*TASK DESCRIPTION:* Check each line of the data, and copy those where "DigRF" appears.

Items from a dataset:
-------

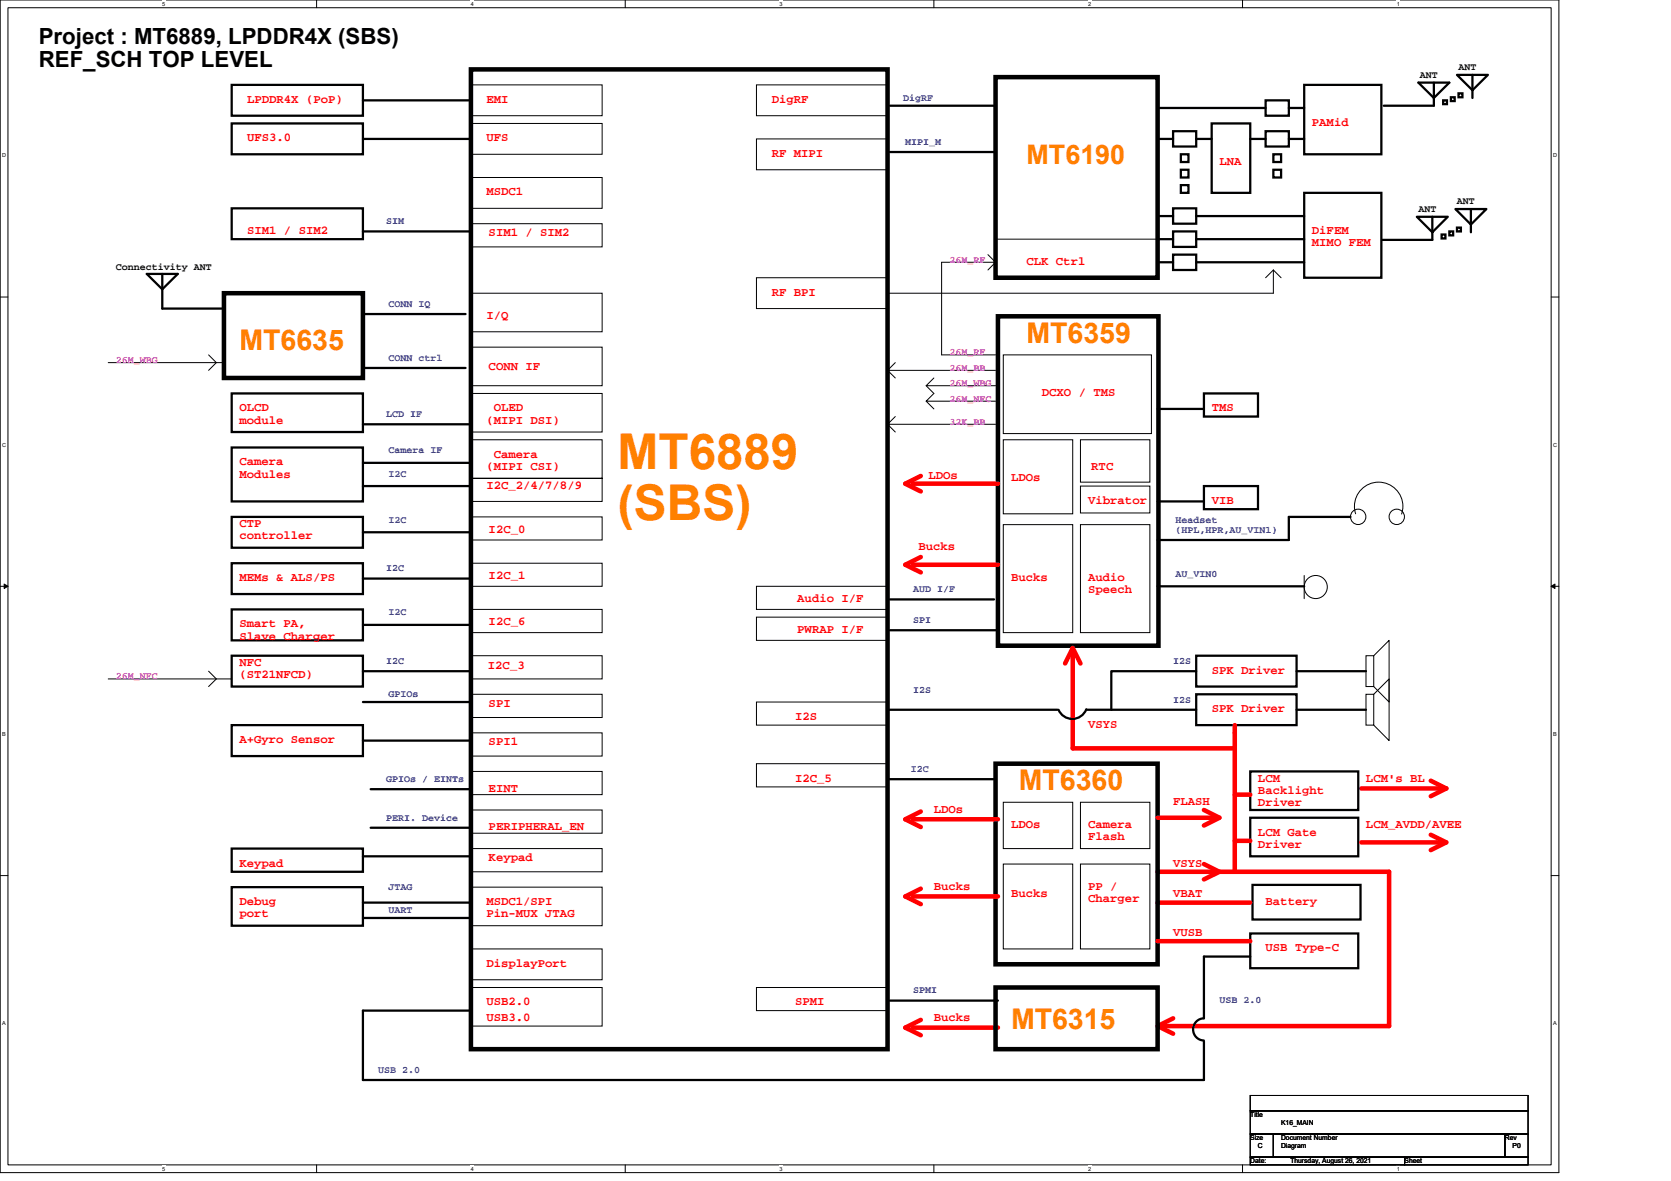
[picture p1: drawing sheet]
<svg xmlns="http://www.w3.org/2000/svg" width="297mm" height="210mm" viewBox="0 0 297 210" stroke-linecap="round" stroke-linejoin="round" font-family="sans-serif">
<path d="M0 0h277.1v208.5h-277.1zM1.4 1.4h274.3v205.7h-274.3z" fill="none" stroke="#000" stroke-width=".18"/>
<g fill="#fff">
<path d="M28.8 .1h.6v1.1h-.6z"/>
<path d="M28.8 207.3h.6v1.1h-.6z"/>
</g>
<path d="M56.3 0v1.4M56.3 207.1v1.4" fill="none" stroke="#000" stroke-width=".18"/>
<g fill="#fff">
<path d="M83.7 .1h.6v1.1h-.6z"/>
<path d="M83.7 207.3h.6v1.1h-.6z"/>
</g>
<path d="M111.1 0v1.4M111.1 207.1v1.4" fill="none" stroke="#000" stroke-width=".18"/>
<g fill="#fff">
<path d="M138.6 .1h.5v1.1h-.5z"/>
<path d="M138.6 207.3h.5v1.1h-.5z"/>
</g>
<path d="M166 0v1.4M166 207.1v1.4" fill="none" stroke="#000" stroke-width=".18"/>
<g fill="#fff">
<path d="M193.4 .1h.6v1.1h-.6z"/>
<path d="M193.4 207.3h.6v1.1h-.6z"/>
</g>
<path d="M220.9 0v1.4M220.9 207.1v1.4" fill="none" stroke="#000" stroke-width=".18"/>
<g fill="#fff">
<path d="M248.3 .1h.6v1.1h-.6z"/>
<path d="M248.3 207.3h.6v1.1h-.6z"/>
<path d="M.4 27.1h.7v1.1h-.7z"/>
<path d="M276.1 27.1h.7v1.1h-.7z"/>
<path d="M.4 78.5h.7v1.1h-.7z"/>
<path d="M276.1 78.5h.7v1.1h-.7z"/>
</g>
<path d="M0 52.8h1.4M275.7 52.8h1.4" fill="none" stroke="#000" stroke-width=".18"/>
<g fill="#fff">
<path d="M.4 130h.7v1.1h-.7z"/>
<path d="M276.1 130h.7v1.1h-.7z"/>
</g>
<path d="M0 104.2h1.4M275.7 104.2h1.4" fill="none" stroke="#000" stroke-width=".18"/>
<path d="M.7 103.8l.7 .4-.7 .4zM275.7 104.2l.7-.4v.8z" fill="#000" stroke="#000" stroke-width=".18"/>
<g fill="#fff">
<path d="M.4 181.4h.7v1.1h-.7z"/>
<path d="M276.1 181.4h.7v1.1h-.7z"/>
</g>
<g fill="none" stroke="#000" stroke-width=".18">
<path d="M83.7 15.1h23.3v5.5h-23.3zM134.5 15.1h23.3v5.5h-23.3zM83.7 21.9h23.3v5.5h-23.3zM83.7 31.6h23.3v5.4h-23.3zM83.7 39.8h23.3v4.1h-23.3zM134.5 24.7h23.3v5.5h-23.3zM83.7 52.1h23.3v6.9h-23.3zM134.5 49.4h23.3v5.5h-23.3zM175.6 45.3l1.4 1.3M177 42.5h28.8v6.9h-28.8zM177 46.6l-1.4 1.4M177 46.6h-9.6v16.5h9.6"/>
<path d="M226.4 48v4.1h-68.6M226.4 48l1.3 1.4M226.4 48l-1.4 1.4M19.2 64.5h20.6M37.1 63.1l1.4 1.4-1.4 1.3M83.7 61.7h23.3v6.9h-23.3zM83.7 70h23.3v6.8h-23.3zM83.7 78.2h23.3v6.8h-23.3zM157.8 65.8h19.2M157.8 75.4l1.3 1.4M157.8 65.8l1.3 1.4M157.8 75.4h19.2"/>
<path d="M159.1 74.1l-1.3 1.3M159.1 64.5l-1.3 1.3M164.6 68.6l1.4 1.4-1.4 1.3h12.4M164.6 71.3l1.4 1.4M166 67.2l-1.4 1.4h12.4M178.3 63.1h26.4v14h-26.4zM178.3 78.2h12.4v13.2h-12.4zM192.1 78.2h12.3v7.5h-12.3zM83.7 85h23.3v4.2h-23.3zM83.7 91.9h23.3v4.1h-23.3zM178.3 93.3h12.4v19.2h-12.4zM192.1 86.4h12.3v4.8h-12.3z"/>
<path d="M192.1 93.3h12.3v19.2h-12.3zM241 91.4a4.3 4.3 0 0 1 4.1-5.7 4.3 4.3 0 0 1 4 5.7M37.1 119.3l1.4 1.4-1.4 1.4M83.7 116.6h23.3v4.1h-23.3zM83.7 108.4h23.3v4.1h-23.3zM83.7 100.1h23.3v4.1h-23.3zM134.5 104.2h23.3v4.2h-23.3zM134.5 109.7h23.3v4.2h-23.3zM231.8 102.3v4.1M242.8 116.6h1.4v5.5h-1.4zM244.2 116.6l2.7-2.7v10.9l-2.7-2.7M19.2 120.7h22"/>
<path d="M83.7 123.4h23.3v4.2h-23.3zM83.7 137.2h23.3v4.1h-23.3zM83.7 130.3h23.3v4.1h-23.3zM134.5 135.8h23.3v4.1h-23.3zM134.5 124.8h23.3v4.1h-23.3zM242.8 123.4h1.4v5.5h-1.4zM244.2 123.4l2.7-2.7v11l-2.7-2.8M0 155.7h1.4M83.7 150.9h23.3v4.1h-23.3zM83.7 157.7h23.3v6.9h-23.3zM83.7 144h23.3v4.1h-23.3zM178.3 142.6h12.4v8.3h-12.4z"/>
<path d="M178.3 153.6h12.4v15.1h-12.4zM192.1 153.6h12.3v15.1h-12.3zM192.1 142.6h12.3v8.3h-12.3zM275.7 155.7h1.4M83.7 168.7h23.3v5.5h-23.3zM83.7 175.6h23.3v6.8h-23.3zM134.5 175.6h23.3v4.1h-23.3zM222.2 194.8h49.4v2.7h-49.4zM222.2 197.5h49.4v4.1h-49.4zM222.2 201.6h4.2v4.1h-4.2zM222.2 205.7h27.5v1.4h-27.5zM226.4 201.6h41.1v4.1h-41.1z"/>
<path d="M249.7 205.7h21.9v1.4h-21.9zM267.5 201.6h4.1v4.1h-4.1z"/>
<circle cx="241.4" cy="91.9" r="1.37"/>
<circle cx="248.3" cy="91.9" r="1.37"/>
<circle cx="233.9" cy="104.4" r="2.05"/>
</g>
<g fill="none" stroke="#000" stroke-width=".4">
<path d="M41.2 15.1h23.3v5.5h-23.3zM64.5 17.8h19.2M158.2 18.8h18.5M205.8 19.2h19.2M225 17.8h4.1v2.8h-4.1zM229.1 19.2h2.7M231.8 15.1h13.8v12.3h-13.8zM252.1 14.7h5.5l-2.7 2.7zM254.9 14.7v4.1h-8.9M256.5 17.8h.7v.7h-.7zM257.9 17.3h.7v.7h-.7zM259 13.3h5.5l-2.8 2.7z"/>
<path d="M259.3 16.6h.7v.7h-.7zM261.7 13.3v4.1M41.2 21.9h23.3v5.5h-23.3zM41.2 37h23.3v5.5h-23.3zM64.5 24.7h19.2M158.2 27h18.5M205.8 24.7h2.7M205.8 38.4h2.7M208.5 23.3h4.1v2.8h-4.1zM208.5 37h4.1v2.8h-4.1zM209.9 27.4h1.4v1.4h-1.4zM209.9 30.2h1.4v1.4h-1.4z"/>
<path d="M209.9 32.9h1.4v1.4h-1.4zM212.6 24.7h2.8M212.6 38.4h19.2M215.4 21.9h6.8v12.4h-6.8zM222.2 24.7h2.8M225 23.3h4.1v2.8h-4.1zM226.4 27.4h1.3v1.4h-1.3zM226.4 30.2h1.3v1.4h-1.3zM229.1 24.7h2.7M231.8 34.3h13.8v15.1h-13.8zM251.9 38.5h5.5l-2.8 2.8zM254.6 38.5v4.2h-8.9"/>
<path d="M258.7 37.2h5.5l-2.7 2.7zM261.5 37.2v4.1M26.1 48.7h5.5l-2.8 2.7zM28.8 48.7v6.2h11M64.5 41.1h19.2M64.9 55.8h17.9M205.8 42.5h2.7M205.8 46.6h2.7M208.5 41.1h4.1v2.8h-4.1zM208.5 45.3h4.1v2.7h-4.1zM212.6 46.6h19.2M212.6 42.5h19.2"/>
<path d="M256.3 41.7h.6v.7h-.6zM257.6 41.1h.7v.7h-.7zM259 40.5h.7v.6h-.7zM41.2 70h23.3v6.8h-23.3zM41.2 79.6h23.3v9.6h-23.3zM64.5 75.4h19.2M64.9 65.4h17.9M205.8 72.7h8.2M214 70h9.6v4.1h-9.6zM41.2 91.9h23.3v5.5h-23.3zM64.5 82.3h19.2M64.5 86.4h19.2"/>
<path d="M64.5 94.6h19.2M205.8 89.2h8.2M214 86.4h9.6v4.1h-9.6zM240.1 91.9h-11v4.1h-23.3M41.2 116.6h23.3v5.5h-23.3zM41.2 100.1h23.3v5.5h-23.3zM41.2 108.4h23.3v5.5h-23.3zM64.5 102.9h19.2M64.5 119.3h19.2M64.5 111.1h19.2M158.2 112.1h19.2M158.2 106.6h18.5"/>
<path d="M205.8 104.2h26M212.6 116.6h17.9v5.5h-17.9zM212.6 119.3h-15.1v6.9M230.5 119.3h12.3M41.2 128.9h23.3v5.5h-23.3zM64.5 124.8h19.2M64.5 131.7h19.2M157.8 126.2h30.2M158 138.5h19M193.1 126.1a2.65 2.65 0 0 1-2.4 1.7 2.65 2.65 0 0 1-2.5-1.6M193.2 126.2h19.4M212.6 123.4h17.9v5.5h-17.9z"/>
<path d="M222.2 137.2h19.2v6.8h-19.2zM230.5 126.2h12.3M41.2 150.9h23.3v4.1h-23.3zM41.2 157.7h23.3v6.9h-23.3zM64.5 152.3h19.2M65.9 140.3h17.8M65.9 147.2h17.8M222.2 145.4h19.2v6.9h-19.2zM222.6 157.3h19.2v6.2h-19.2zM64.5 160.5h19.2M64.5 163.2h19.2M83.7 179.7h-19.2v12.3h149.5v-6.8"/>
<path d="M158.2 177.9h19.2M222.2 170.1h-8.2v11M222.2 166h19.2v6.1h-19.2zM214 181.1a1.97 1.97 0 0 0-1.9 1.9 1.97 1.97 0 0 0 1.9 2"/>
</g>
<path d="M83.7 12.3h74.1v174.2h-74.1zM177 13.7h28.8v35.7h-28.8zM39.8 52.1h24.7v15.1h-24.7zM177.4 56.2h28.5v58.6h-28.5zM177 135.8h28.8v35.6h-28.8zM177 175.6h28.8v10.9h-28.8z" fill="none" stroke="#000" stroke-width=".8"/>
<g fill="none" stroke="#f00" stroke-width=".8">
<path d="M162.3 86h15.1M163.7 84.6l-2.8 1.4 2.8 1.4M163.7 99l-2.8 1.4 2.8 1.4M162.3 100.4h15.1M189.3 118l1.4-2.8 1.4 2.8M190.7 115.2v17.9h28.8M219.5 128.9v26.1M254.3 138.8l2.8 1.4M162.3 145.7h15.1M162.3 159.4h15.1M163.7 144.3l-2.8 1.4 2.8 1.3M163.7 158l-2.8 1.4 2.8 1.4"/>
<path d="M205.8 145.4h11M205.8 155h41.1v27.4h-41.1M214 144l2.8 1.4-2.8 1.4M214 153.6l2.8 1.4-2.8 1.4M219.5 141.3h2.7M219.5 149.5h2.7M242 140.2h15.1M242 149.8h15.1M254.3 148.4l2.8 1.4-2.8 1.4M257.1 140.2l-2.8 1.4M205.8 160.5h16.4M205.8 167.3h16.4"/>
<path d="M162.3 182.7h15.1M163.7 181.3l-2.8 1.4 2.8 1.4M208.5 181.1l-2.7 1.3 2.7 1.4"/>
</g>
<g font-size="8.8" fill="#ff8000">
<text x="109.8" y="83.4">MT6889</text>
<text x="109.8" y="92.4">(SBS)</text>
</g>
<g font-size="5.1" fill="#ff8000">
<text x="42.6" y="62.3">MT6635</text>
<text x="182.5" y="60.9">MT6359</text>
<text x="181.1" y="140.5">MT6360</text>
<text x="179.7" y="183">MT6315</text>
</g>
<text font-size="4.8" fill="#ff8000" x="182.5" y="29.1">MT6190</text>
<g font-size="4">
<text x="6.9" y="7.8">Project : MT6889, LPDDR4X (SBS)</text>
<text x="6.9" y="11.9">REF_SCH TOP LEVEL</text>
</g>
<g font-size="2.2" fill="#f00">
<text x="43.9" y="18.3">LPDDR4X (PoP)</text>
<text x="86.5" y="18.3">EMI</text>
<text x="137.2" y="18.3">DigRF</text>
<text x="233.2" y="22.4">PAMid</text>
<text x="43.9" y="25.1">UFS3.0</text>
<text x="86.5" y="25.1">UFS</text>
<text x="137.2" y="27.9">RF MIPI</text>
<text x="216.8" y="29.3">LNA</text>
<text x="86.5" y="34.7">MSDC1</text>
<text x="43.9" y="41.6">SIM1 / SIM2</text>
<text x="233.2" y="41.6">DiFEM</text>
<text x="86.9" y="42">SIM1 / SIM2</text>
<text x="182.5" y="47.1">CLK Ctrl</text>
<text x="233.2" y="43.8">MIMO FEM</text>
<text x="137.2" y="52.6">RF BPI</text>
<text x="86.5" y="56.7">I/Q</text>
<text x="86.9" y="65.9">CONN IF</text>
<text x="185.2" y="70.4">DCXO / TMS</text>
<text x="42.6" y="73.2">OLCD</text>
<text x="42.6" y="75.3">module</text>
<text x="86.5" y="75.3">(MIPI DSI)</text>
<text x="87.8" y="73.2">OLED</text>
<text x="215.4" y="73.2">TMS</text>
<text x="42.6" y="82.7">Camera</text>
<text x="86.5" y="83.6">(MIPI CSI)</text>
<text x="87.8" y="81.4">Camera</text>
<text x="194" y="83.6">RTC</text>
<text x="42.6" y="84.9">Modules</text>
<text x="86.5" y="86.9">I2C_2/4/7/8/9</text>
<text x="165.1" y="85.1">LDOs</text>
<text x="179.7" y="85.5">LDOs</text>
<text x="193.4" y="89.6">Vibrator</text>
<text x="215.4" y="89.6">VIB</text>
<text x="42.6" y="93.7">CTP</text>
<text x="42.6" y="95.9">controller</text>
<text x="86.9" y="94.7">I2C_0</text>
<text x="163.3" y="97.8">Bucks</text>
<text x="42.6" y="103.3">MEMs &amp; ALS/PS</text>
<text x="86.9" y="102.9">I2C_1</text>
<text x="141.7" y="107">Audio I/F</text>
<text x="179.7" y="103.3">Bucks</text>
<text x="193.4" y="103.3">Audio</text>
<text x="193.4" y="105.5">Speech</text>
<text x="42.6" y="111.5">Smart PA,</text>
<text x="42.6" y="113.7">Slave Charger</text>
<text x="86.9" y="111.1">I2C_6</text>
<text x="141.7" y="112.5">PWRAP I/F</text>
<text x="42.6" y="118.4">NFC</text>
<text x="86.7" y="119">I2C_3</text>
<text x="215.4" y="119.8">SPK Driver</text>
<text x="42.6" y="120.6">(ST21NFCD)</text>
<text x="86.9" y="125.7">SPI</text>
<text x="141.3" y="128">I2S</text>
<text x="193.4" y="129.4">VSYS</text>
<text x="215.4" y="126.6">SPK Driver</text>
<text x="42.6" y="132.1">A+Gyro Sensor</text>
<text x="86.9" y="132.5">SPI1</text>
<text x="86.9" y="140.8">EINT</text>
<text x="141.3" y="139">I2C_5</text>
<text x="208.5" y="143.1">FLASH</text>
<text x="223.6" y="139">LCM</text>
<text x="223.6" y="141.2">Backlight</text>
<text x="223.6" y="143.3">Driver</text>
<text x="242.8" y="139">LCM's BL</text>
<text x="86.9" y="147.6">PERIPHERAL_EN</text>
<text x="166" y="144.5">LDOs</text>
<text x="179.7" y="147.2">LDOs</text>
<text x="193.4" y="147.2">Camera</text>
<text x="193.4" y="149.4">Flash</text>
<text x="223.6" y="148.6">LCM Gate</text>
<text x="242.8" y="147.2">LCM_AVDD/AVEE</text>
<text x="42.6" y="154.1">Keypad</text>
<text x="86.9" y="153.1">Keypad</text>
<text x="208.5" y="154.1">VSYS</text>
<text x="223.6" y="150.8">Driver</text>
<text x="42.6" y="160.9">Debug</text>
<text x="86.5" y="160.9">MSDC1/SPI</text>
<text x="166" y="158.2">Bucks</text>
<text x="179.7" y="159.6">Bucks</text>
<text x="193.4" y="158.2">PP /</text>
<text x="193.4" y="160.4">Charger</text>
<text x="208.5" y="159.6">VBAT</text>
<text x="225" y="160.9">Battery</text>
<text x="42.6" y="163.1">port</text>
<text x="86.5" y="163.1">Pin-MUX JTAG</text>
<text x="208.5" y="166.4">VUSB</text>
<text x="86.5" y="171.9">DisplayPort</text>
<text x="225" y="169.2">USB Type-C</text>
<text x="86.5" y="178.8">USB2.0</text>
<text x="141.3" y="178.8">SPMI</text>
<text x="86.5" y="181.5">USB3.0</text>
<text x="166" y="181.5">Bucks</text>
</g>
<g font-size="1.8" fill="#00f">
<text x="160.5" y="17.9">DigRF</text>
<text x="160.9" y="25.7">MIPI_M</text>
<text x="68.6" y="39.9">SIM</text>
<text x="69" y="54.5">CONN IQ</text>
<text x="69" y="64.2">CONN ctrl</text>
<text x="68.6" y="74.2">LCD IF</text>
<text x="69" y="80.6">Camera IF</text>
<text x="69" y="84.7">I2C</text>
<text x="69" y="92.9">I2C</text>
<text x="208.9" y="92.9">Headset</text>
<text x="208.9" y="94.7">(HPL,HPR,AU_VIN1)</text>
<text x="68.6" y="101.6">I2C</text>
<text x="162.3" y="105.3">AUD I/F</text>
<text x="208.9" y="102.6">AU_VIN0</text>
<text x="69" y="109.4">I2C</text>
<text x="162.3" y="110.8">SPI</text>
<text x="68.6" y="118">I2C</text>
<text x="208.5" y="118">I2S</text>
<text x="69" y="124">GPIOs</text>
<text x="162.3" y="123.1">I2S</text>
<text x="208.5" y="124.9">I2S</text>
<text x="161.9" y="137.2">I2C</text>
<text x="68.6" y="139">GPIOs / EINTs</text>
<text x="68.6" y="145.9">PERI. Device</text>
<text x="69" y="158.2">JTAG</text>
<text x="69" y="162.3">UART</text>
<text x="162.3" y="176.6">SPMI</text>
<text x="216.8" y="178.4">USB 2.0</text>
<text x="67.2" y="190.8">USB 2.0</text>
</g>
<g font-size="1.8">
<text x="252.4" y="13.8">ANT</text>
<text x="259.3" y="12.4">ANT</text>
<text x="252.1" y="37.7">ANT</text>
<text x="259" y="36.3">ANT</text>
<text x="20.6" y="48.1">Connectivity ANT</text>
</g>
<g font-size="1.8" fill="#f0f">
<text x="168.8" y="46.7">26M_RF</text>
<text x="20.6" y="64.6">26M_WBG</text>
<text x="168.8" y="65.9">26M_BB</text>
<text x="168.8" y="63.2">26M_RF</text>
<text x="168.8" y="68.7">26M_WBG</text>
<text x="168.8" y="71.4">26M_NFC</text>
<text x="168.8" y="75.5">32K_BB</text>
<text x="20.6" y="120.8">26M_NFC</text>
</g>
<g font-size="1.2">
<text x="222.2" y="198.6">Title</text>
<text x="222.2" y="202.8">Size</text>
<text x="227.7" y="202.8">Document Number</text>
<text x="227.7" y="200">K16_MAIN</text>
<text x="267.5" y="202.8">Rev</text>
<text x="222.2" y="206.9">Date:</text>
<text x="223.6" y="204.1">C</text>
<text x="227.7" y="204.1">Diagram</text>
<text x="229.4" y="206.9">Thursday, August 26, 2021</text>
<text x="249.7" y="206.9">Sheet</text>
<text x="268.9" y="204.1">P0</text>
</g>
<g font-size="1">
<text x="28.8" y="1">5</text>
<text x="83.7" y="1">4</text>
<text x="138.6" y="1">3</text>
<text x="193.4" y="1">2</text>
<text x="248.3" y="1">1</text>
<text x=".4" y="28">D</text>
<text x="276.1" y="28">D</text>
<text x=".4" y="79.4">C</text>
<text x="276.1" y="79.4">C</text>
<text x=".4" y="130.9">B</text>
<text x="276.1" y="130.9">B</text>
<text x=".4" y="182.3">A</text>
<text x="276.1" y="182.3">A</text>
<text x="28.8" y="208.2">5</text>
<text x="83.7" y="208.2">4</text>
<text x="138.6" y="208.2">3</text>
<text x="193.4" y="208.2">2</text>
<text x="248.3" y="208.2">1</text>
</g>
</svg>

-------

*EXERCISE RESPONSE:*
<text x="137.2" y="18.3">DigRF</text>
<text x="160.5" y="17.9">DigRF</text>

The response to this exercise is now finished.